(Stored dataset items)
◇ ◇ ◇
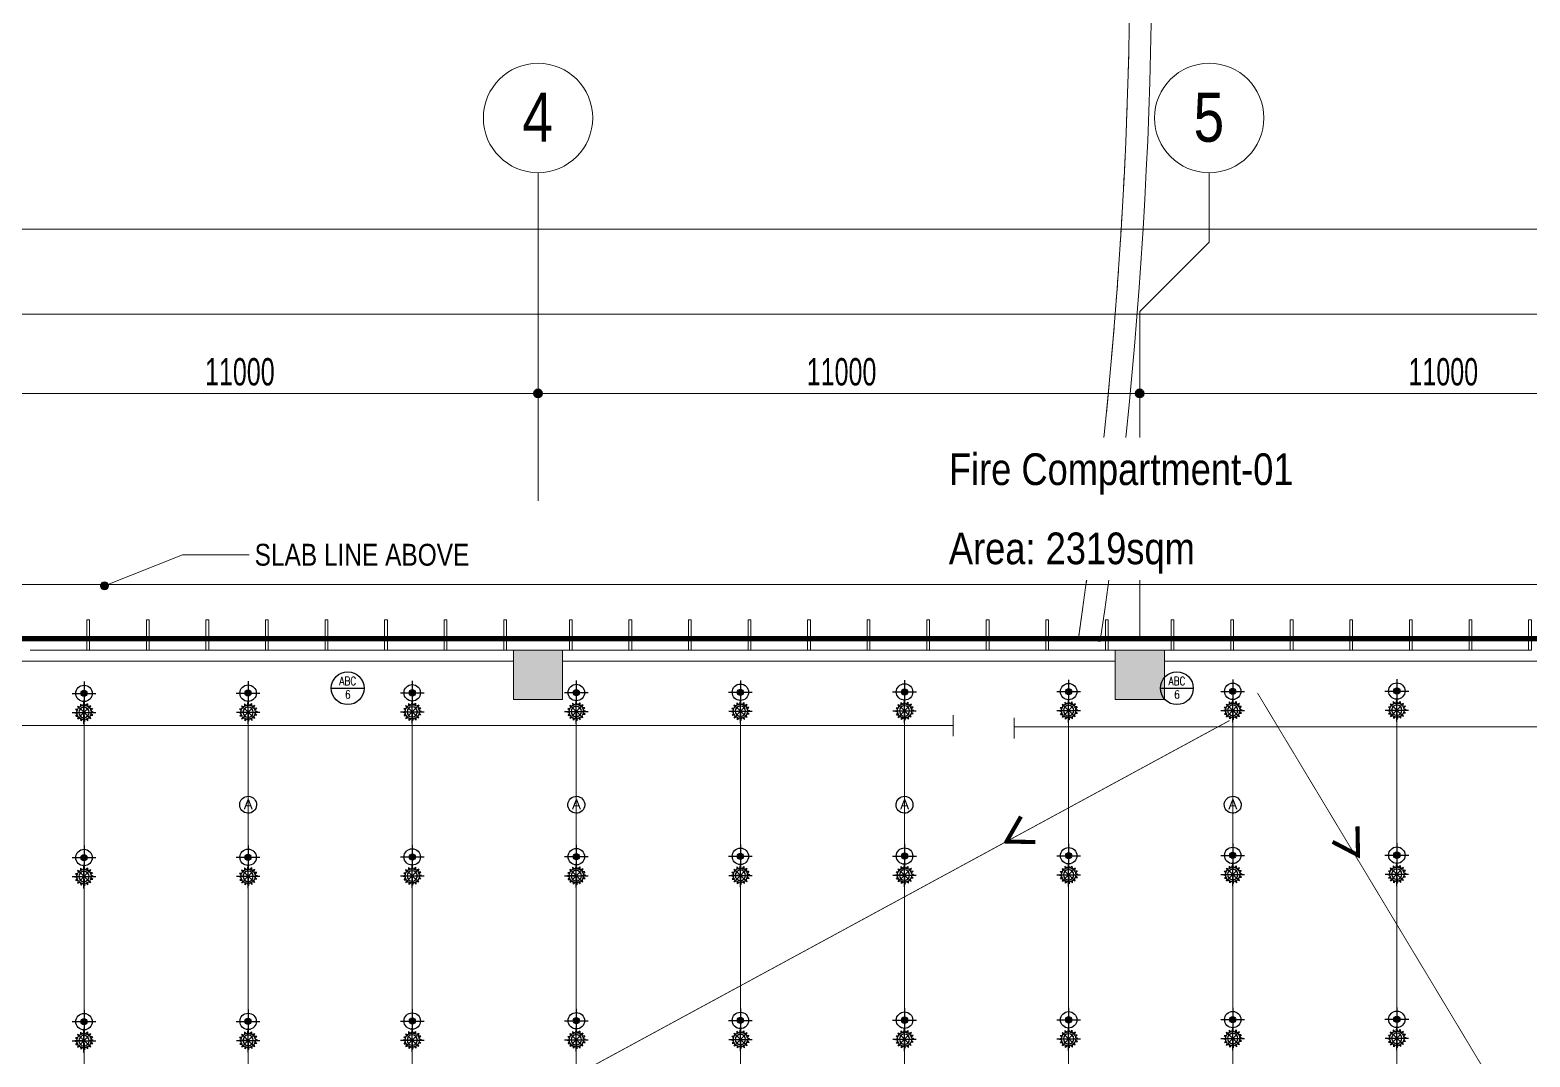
# Model space of a CAD drawing. Header units: millimetres. Extents: x 1706 to 249912, y -487248 to 27192.
# Drawn here: x 57898 to 85320, y -454483 to -435711 of the extents above; entities that cross this region are included whole.
import ezdxf

# ---------------------------------------------------------------- set-up
doc = ezdxf.new("R2010")
doc.units = ezdxf.units.MM
doc.linetypes.add('DASHDOT', pattern=[1, 0.5, -0.25, 0, -0.25])
doc.layers.get('0').update_dxf_attribs({"color": 251})
for name, color, linetype in [('25∅', 1, 'DASHDOT'), ('FF-MCP', 1, 'Continuous'), ('FIRE COMPARTMENTATION', 30, 'Continuous'), ('PHE-MULTI SENSOR DETECTOR (ABOVE', 3, 'Continuous'), ('TRAVEL DISTANCE', 1, 'Continuous')]:
    doc.layers.add(name, color=color, linetype=linetype)
for name, color, linetype, lineweight in [('A-ANNO-DIMS', 251, 'Continuous', 5), ('A-ANNO-DIMS-200', 251, 'Continuous', 5), ('A-DETL', 251, 'Continuous', 18), ('A-FLOR', 251, 'Continuous', 5), ('A-GLAZ-CURT', 251, 'Continuous', 5), ('A-GLAZ-CWMG', 251, 'Continuous', 5), ('A-WALL', 251, 'Continuous', 5), ('G-ANNO-TEXT', 251, 'Continuous', 5), ('M-FIRE-FHC', 251, 'Continuous', 9), ('McD-FIRE-SPRINKLER LINES', 1, 'Continuous', 9), ('McD-Travel-Distance', 192, 'Continuous', 13), ('S-COLS', 251, 'Continuous', 5), ('S-GRID', 251, 'Continuous', 5), ('S-GRID-IDEN', 251, 'Continuous', 5)]:
    doc.layers.add(name, color=color, linetype=linetype, lineweight=lineweight)
doc.layers.add('FF-PENDENT SPRINKLER', color=7, linetype='Continuous', true_color=0xcc0099)
doc.styles.add('Arial', font='arial.ttf', dxfattribs={"height": 300})
doc.styles.add('Arial Narrow_1', font='ARIALN.TTF', dxfattribs={"width": 0.8, "height": 375})
doc.styles.add('Arial_1', font='arial.ttf', dxfattribs={"width": 0.8, "height": 2})
doc.styles.add('Arial_2', font='arial.ttf', dxfattribs={"width": 0.8, "height": 270})
doc.styles.add('ROMAN', font='romans.shx', dxfattribs={"width": 0.8})
doc.styles.add('Swis721 Cn BT', font='swissc.ttf', dxfattribs={"height": 395.68567})
doc.dimstyles.new('RSP_DIM_2_5mm__DOT_', dxfattribs={"dimscale": 304.8, "dimtxt": 383.786615, "dimasz": 1.476378, "dimexe": 0.492126, "dimexo": 0.0625, "dimgap": 0, "dimtad": 1, "dimdec": 0, "dimrnd": 5, "dimzin": 0, "dimdsep": 46, "dimtxsty": 'Arial Narrow_1', "dimblk1": 'DOTSMALL', "dimblk2": 'DOTSMALL', "dimsah": 1, "dimcen": 0.09, "dimdle": 0.049213, "dimazin": 0, "dimtfac": 1, "dimtdec": 4, "dimtix": 1, "dimtmove": 2, "dimatfit": 3, "dimfxl": 1.181102, "dimfxlon": 1, "dimtvp": 1, "dimtolj": 1, "dimtzin": 0, "dimarcsym": 2})

# ---------------------------------------------------------------- blocks, each defined once
blk = doc.blocks.new('A$C2d0f243c')
at = {"layer": 'TRAVEL DISTANCE', "color": 7, "ltscale": 30, "const_width": 75}
blk.add_lwpolyline([(-447, 277), (0, 0), (-457, -258)], dxfattribs=at)
blk = doc.blocks.new('zw$3B71')
at = {"layer": 'FIRE COMPARTMENTATION', "color": 1, "const_width": 100}
blk.add_lwpolyline([(11752.3, -9912), (7050, -9912), (7050, -20472.7), (-17450, -20472.7), (-17529.2, -9903), (-20879.2, -9897), (-20800, -9900), (-66300, -9900), (-66300, -2000), (-67500, -2000), (-67500, 10496.8), (-63512, 10500), (-63512, 16512), (11752.3, 16512), (11752.3, -9101.5)], close=True, dxfattribs=at)
at = {"layer": 'McD-Travel-Distance', "const_width": 15}
for points in [[(-30547.2, 15517.3), (-22644.7, 2389, 0.0700311), (-22469.9, 2171.8), (-19665.1, -804.6, 0.1905422), (-18981.2, -1075.1), (-18033.5, -1075.1)], [(-62091.4, 2822.8), (-61461, 2822.8, -0.2322113), (-60669.9, 2434.4), (-60329.3, 1993.9, -0.0859672), (-60169.6, 1692.2), (-59927.7, 949.8, 0.3194241), (-58995.9, 259.9), (-58552.2, 251.5, 0.1383264), (-58027, 388.9), (-31056.9, 15015)]]:
    blk.add_lwpolyline(points, format="xyb", dxfattribs=at)
at = {"layer": 'McD-Travel-Distance', "ltscale": 100}
for p, xscale, rotation in [((-35134.9, 12803.5), -1, 28.23397925347588), ((-28709.6, 12553.1), -0.9999999999999992, 120.5870573218626)]:
    blk.add_blockref('A$C2d0f243c', p, dxfattribs=dict(at, xscale=xscale, rotation=rotation))
at = {"layer": 'FIRE COMPARTMENTATION', "insert": (-36189.4, 19898), "char_height": 578.868, "width": 9761.938, "attachment_point": 1, "line_spacing_factor": 1.5, "style": 'Swis721 Cn BT', "bg_fill": 2}
blk.add_mtext('Fire Compartment-01\\PArea: 2319sqm', dxfattribs=at)
blk = doc.blocks.new('UPRIGHT SPRINKLER -68°C')
at = {"color": 5}
for p, q in [((-106, 3, 3), (-81, 13, 3)), ((-106, 3, 3), (-82, -7, 3)), ((-74, 76, 3), (-49, 65, 3)), ((-74, 76, 3), (-64, 51, 3)), ((3, 106, 3), (-9, 80, 3)), ((3, 106, 3), (13, 79, 3)), ((76, 74, 3), (49, 63, 3)), ((76, 74, 3), (65, 47, 3)), ((105, -3, 3), (79, 9, 3)), ((-76, -73, 3), (-66, -49, 3)), ((-76, -73, 3), (-53, -63, 3)), ((-4, -105, 3), (-13, -81, 3)), ((-4, -105, 3), (7, -81, 3)), ((72, -77, 3), (47, -66, 3)), ((72, -77, 3), (62, -51, 3)), ((105, -3, 3), (79, -13, 3))]:
    blk.add_line(p, q, dxfattribs=at)
at = {"color": 6}
for p, q in [((-1, -1, 3), (-106, 4, 3)), ((-96, 45, 3), (-78, 25, 3)), ((-96, 45, 3), (-69, 44, 3)), ((72, -77, 3), (-74, 76, 3)), ((-36, 100, 3), (-38, 72, 3)), ((-36, 100, 3), (-17, 79, 3)), ((-1, -1, 3), (3, 106, 3)), ((76, 74, 3), (-1, -1, 3)), ((43, 98, 3), (21, 77, 3)), ((43, 98, 3), (42, 68, 3)), ((99, 38, 3), (70, 39, 3)), ((99, 38, 3), (78, 18, 3)), ((-99, -35, 3), (-80, -18, 3)), ((-99, -35, 3), (-74, -36, 3)), ((-76, -73, 3), (-1, -1, 3)), ((-45, -95, 3), (-44, -70, 3)), ((-45, -95, 3), (-26, -78, 3)), ((-1, -1, 3), (-4, -105, 3)), ((-1, -1, 3), (105, -3, 3)), ((36, -98, 3), (19, -79, 3)), ((36, -98, 3), (38, -72, 3)), ((96, -43, 3), (69, -42, 3)), ((96, -43, 3), (77, -22, 3))]:
    blk.add_line(p, q, dxfattribs=at)
at = {"color": 5, "elevation": 3}
for points in [[(-1, -136), (-1, 135)], [(-137, -1), (135, -1)]]:
    blk.add_lwpolyline(points, dxfattribs=at)
at = {"color": 3}
blk.add_circle((-1, -1, 3), 59.2, dxfattribs=at)
at = {"color": 5}
for start, end in [(140.8422, 170.3714), (95.6315, 125.6992), (51.7639, 79.8685), (6.8313, 35.8146), (184.8407, 216.5012), (230.6178, 261.7138), (276.0216, 306.5945), (321.5184, 351.2266)]:
    blk.add_arc((-1, -1, 3), 81.1, start, end, dxfattribs=at)
blk = doc.blocks.new('PENDENT SPRINKLER (RG)')
at = {"linetype": 'Continuous', "extrusion": (0.000667552, -0.000166966, 1)}
h = blk.add_hatch(color=5, dxfattribs=at)
h.dxf.hatch_style = 1
edge = h.paths.add_edge_path()
edge.add_arc((0, 0), 56.7, 44.562, 404.562, ccw=False)
at = {"layer": '25∅', "linetype": 'Continuous', "extrusion": (0.000667552, -0.000166966, 1)}
h = blk.add_hatch(color=5, dxfattribs=at)
h.dxf.hatch_style = 1
edge = h.paths.add_edge_path()
edge.add_arc((0, 0), 56.7, 44.562, 404.562, ccw=False)
at = {"color": 222, "linetype": 'Continuous', "true_color": 0xcc0099, "extrusion": (0.000667073, -0.000166479, 1)}
for points in [[(0, -217), (0, 217)], [(-217, 0), (217, 0)]]:
    blk.add_lwpolyline(points, dxfattribs=at)
at = {"color": 222, "linetype": 'Continuous', "true_color": 0xcc0099, "extrusion": (0.000667552, -0.000166966, 1)}
blk.add_circle((0, 0), 150, dxfattribs=at)
at = {"color": 5, "linetype": 'Continuous', "extrusion": (0.000667552, -0.000166966, 1)}
blk.add_circle((0, 0), 56.7, dxfattribs=at)
at = {"layer": '25∅', "color": 5, "linetype": 'Continuous', "extrusion": (0.000667552, -0.000166966, 1)}
blk.add_circle((0, 0), 56.7, dxfattribs=at)
at = {"layer": 'FF-PENDENT SPRINKLER', "extrusion": (1.02436e-19, 0, -1), "xscale": 1.588226225829954, "yscale": 1.588226225829954, "zscale": 1.588226225829954}
blk.add_blockref('UPRIGHT SPRINKLER -68°C', (-346, 1, -4), dxfattribs=at)
blk = doc.blocks.new('Sprinklre')
at = {"layer": 'McD-FIRE-SPRINKLER LINES'}
for points in [[(14000, -7000), (14000, 17610)], [(17000, -7000), (17000, 17610)], [(20000, -7000), (20000, 17610)], [(23000, -7000), (23000, 17610)], [(26000, -7000), (26000, 17610)], [(29000, -7000), (29000, 17610)], [(32000, -7000), (32000, 17610)], [(35000, -7000), (35000, 17610)], [(38000, -7000), (38000, 17610)], [(4230, 7518), (4230, 4998), (7018, 4998), (7018, 17023), (29892, 17023)], [(29892, 17214), (29892, 16831)], [(31006, 17166), (31006, 16783)], [(59424, 16997), (31007, 16997)]]:
    blk.add_lwpolyline(points, dxfattribs=at)
at = {"layer": 'FF-PENDENT SPRINKLER', "rotation": 270}
for p in [(14000, 17610, 0), (17000, 17615, 0), (20000, 17621, 0), (23000, 17626, 0), (26000, 17632, 0), (29000, 17637, 0), (32000, 17643, 0), (35000, 17648, 0), (38000, 17653, 0), (14000, 14610, 0), (17000, 14615, 0), (20000, 14621, 0), (23000, 14626, 0), (26000, 14632, 0), (29000, 14637, 0), (32000, 14643, 0), (35000, 14648, 0), (38000, 14653, 0), (14000, 11610, 0), (17000, 11615, 0), (20000, 11621, 0), (23000, 11626, 0), (26000, 11632, 0), (29000, 11637, 0), (32000, 11643, 0), (35000, 11648, 0), (38000, 11653, 0)]:
    blk.add_blockref('PENDENT SPRINKLER (RG)', p, dxfattribs=at)
blk = doc.blocks.new('Above false ceiling')
at = {"extrusion": (0.007291, -0.048425, 0.9988)}
blk.add_circle((0, 1, 0), 193, dxfattribs=at)
at = {"style": 'Arial'}
blk.add_text('A', height=222, rotation=0.0001, dxfattribs=at).set_placement((-101, -100, 0))
blk = doc.blocks.new('FF-FPS-ABC TYPE EXTINGUISHER -6Kg')
at = {"color": 5, "ltscale": 2}
blk.add_lwpolyline([(-199, 0), (201, 0)], dxfattribs=at)
blk.add_circle((1, 0), 200, dxfattribs=at)
at = {"color": 72, "ltscale": 2, "style": 'ROMAN', "width": 0.8}
for s, p in [('ABC', (-101, 38)), ('6', (-32, -127))]:
    blk.add_text(s, height=100, dxfattribs=at).set_placement(p)
blk = doc.blocks.new('M_Concrete-Square-Column - 900-2305795-2ND FLOOR PLAN_')
at = {"layer": 'S-COLS'}
blk.add_hatch(color=256, dxfattribs=at).paths.add_polyline_path([(450, -450), (450, 450), (-450, 450), (-450, -450)])
for p, q in [((450, 450), (-450, 450)), ((-450, 450), (-450, -450)), ((450, -450), (450, 450)), ((-450, -450), (450, -450))]:
    blk.add_line(p, q, dxfattribs=at)
blk = doc.blocks.new('System Panel - VISION PANEL - TYPE 1-2161818-2ND FLOOR PLAN_')
at = {"layer": 'A-GLAZ-CURT'}
for p, q in [((520, 0), (-520, 0)), ((-520, 0), (-520, -12)), ((520, -12), (520, 0)), ((-520, -12), (520, -12))]:
    blk.add_line(p, q, dxfattribs=at)
blk = doc.blocks.new('System Panel - VISION PANEL - TYPE 1-2161813-2ND FLOOR PLAN_')
at = {"layer": 'A-GLAZ-CURT'}
for p, q in [((575, 0), (-575, 0)), ((-575, 0), (-575, -12)), ((575, -12), (575, 0)), ((-575, -12), (575, -12))]:
    blk.add_line(p, q, dxfattribs=at)
blk = doc.blocks.new('System Panel - VISION PANEL - TYPE 1-2161815-2ND FLOOR PLAN_')
at = {"layer": 'A-GLAZ-CURT'}
for p, q in [((519, 0), (-519, 0)), ((-519, 0), (-519, -12)), ((519, -12), (519, 0)), ((-519, -12), (519, -12))]:
    blk.add_line(p, q, dxfattribs=at)
blk = doc.blocks.new('Rectangular Mullion - 100 x 200mm-2128996-2ND FLOOR PLAN_')
at = {"layer": 'A-GLAZ-CWMG'}
blk.add_line((67335, -447047), (66296, -447047), dxfattribs=at)
blk = doc.blocks.new('Rectangular Mullion - 100 x 200mm-V16-2ND FLOOR PLAN_')
at = {"layer": 'A-GLAZ-CWMG'}
for p, q in [((12509, -447047), (12381, -447047)), ((13532, -447047), (13409, -447047))]:
    blk.add_line(p, q, dxfattribs=at)
blk = doc.blocks.new('Rectangular Mullion - 100 x 200mm-2128993-2ND FLOOR PLAN_')
at = {"layer": 'A-GLAZ-CWMG'}
blk.add_line((89335, -447047), (88296, -447047), dxfattribs=at)
blk = doc.blocks.new('Rectangular Mullion - 100 x 200mm-V17-2ND FLOOR PLAN_')
at = {"layer": 'A-GLAZ-CWMG'}
for p, q in [((1509, -447047), (1381, -447047)), ((2532, -447047), (2409, -447047))]:
    blk.add_line(p, q, dxfattribs=at)
blk = doc.blocks.new('Rectangular Mullion - NORTH 50 x 345-2158470-2ND FLOOR PLAN_')
at = {"layer": 'A-GLAZ-CWMG'}
for p, q in [((-25, 355), (25, 355)), ((-25, -200), (-25, 355)), ((25, 355), (25, -200)), ((25, -200), (-25, -200))]:
    blk.add_line(p, q, dxfattribs=at)
blk = doc.blocks.new('Grid - M_Grid Head - Circle 2-417900-2ND FLOOR PLAN_')
at = {"layer": 'S-GRID-IDEN'}
blk.add_circle((0, 0), 5, dxfattribs=at)
blk = doc.blocks.new('DIMBLOCK119-2ND FLOOR PLAN_')
at = {"layer": 'A-ANNO-DIMS-200', "lineweight": 35, "transparency": 16777216}
h = blk.add_hatch(color=256, dxfattribs=at)
edge = h.paths.add_edge_path()
edge.add_arc((170821, -442354), 75, 0, 360)
h = blk.add_hatch(color=256, dxfattribs=at)
edge = h.paths.add_edge_path()
edge.add_arc((181821, -442354), 75, 0, 360)
at = {"layer": 'A-ANNO-DIMS-200', "transparency": 16777216}
for p, q in [((170821, -442354), (170821, -441874)), ((181821, -442354), (181821, -441874)), ((170821, -442354), (181821, -442354)), ((170821, -442354), (170821, -442554)), ((181821, -442354), (181821, -442554))]:
    blk.add_line(p, q, dxfattribs=at)
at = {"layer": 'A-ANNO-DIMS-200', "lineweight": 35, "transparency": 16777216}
◇ ◇ ◇
Work order:
From the entries above, extract each line containing "Panel".

Answer for this exercise:
blk = doc.blocks.new('System Panel - VISION PANEL - TYPE 1-2161818-2ND FLOOR PLAN_')
blk = doc.blocks.new('System Panel - VISION PANEL - TYPE 1-2161813-2ND FLOOR PLAN_')
blk = doc.blocks.new('System Panel - VISION PANEL - TYPE 1-2161815-2ND FLOOR PLAN_')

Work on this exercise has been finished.